#### DATA TO PROCESS ####

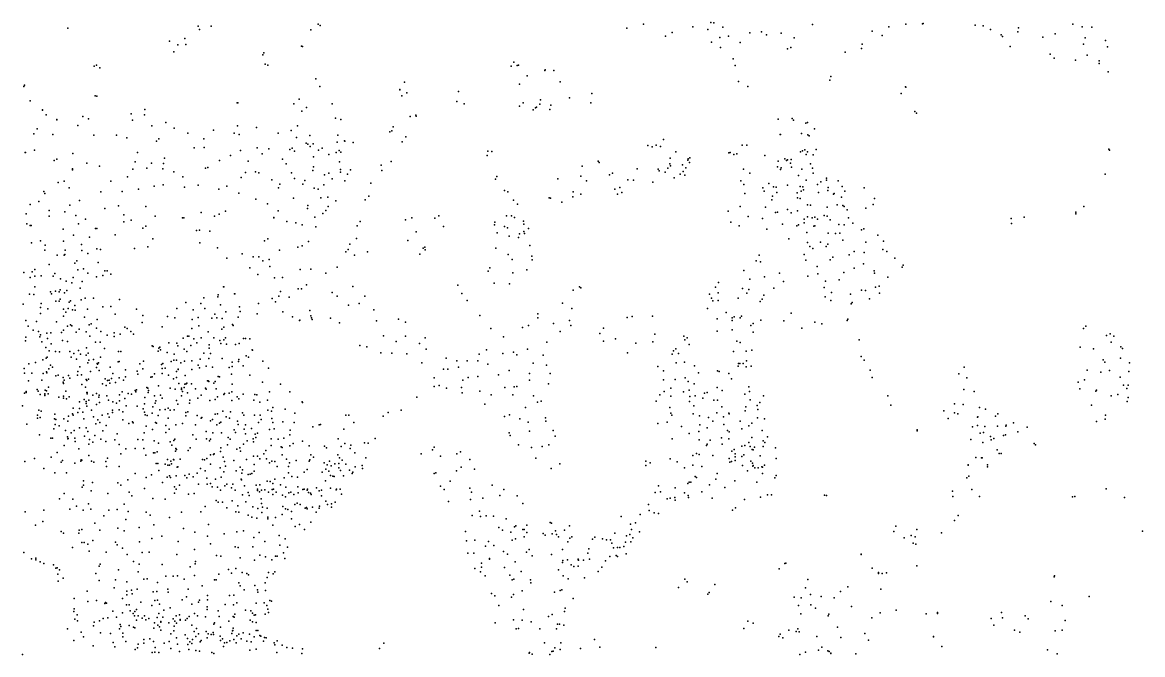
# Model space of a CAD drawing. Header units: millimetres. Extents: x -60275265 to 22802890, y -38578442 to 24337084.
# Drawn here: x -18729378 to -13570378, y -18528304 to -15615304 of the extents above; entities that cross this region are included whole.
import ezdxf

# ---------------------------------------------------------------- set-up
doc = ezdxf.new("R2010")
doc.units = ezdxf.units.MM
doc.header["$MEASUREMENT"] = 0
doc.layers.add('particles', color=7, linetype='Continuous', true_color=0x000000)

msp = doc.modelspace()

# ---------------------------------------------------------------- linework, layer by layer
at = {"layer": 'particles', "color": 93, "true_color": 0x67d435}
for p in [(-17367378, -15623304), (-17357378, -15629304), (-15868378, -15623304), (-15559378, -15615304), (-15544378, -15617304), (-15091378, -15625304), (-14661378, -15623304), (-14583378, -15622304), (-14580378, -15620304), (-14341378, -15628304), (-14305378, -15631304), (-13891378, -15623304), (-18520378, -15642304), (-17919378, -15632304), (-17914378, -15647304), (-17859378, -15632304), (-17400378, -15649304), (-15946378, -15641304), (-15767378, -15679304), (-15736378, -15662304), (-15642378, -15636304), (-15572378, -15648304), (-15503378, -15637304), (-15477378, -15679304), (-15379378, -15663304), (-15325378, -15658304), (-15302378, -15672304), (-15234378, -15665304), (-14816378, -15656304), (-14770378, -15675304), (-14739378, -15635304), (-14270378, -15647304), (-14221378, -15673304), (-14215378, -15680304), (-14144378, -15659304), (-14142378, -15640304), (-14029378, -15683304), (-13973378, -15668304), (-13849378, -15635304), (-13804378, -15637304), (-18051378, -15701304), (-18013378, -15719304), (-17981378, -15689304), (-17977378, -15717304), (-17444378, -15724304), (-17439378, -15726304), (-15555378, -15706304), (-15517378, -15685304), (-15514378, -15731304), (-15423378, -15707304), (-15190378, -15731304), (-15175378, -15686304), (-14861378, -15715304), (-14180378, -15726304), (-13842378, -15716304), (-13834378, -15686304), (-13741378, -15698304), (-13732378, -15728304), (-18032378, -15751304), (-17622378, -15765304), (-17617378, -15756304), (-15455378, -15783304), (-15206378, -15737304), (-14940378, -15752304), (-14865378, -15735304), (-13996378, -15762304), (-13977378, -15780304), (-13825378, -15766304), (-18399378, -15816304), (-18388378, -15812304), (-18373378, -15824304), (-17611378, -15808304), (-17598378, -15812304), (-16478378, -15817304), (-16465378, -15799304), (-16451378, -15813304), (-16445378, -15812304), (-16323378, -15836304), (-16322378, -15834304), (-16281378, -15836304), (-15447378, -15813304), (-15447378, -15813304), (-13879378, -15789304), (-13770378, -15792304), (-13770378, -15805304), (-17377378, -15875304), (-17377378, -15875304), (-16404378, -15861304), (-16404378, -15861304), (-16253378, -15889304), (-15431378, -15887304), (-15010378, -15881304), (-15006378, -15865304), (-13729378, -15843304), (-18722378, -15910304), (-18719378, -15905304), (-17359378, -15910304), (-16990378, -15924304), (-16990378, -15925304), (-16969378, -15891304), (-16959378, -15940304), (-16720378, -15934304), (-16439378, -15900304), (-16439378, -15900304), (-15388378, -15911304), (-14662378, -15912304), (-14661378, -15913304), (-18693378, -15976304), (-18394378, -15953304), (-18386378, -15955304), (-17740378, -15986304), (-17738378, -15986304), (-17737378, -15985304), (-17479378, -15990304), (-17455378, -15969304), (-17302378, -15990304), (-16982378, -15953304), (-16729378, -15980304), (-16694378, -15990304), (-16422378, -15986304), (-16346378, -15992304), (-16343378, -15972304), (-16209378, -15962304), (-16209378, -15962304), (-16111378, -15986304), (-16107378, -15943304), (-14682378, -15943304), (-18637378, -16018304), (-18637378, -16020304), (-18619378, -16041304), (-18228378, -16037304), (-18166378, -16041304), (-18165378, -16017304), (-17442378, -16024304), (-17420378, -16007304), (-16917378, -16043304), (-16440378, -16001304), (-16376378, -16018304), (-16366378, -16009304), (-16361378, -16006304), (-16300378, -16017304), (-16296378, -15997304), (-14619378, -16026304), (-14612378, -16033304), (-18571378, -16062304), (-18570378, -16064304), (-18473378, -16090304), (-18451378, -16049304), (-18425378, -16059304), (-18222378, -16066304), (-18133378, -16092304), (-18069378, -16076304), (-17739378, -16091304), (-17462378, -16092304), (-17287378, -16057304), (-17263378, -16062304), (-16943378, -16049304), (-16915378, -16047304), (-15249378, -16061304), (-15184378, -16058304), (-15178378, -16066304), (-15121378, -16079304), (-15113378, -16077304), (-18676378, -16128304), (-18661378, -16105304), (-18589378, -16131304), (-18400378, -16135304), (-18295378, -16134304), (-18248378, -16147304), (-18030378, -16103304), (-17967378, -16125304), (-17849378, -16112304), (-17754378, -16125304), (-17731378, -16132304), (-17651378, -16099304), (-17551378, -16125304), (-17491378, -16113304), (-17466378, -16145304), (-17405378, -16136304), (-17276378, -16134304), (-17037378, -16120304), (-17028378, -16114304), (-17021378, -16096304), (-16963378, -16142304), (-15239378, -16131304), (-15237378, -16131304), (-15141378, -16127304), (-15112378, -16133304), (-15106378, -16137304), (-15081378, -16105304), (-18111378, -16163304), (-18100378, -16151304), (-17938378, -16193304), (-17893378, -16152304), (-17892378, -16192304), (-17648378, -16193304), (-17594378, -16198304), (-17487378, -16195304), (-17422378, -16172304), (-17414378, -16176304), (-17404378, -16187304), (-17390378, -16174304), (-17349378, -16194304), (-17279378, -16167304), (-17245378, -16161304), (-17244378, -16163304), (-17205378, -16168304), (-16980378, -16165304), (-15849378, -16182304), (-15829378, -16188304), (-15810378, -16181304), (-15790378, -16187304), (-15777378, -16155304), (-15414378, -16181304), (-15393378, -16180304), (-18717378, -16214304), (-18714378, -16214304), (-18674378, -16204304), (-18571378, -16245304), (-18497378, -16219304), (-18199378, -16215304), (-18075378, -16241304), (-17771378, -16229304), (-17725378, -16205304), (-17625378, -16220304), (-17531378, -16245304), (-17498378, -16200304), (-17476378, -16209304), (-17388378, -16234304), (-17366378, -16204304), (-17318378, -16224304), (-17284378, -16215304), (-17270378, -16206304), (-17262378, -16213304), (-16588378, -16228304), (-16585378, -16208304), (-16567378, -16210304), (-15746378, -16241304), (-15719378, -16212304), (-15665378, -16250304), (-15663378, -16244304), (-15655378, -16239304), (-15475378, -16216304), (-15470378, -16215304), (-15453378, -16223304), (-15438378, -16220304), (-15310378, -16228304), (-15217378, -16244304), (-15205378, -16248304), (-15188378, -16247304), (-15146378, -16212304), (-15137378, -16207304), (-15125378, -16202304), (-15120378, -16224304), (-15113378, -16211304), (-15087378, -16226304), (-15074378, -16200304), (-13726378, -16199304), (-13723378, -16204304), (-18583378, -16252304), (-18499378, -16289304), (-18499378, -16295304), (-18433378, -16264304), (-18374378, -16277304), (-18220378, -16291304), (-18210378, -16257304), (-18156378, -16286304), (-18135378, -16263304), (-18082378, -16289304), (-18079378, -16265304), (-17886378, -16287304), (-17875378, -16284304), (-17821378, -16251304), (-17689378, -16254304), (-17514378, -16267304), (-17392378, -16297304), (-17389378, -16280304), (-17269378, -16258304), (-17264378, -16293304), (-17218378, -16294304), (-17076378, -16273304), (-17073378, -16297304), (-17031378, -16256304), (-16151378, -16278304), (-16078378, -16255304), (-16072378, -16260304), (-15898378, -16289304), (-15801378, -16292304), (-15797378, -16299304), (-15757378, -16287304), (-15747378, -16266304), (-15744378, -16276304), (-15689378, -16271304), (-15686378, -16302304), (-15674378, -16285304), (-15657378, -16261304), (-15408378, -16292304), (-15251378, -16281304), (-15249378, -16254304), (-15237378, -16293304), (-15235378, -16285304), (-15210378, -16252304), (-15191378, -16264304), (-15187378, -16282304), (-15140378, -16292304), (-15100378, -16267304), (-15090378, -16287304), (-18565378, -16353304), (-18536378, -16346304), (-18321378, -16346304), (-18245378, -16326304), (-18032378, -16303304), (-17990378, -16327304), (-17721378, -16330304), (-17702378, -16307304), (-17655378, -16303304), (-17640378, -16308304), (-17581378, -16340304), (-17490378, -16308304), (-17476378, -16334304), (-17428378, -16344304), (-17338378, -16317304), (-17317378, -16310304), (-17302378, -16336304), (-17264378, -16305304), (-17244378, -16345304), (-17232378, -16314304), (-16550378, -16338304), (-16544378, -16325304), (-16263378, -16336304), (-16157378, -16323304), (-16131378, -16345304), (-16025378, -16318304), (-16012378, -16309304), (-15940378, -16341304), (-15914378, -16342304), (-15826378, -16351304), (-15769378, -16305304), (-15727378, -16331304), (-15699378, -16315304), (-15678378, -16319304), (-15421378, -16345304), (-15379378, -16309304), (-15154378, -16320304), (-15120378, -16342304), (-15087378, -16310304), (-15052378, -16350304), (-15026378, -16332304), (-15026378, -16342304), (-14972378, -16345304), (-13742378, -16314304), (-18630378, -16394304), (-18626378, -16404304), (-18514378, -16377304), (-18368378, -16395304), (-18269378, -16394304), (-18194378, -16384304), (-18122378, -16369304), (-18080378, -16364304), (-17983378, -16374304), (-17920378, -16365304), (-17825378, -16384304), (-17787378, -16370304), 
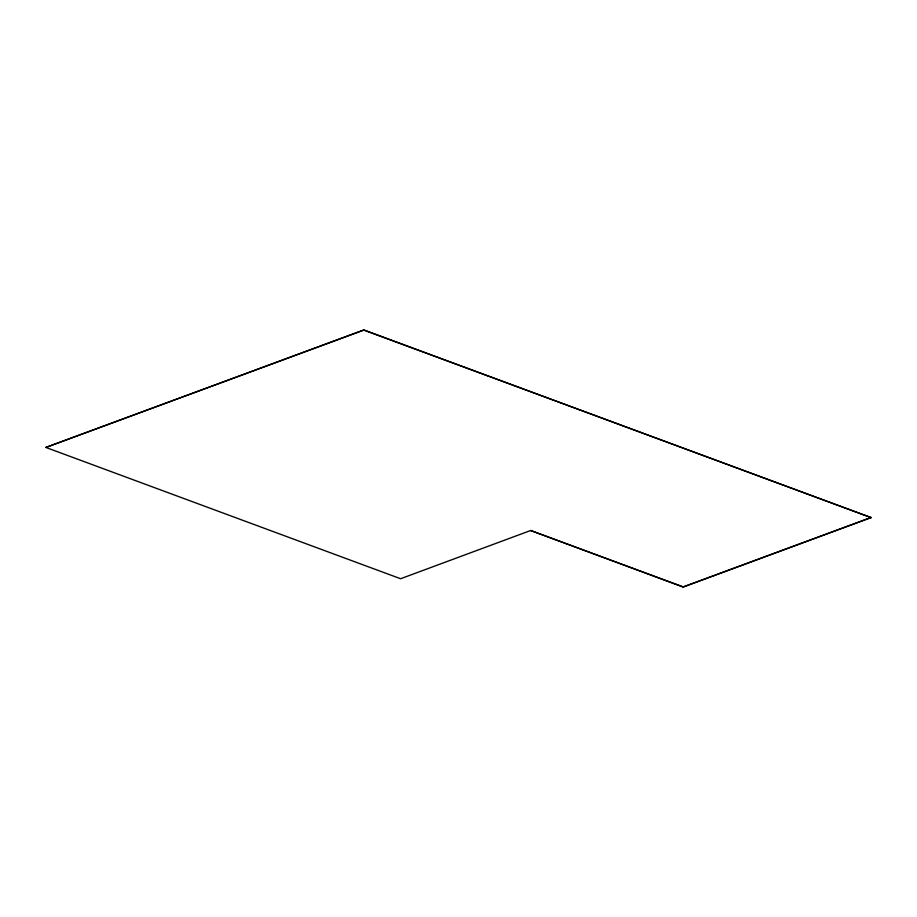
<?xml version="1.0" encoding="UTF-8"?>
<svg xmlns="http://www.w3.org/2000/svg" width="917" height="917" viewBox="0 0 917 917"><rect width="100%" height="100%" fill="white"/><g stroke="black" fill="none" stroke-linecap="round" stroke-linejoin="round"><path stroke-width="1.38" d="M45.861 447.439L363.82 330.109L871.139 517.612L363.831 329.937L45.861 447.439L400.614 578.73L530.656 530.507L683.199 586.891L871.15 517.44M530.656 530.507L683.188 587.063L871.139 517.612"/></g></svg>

####

■ WHAT TO PRODUCE
Copy out all lines above holding "particles".

■ ANSWER BOX
doc.layers.add('particles', color=7, linetype='Continuous', true_color=0x000000)
at = {"layer": 'particles', "color": 93, "true_color": 0x67d435}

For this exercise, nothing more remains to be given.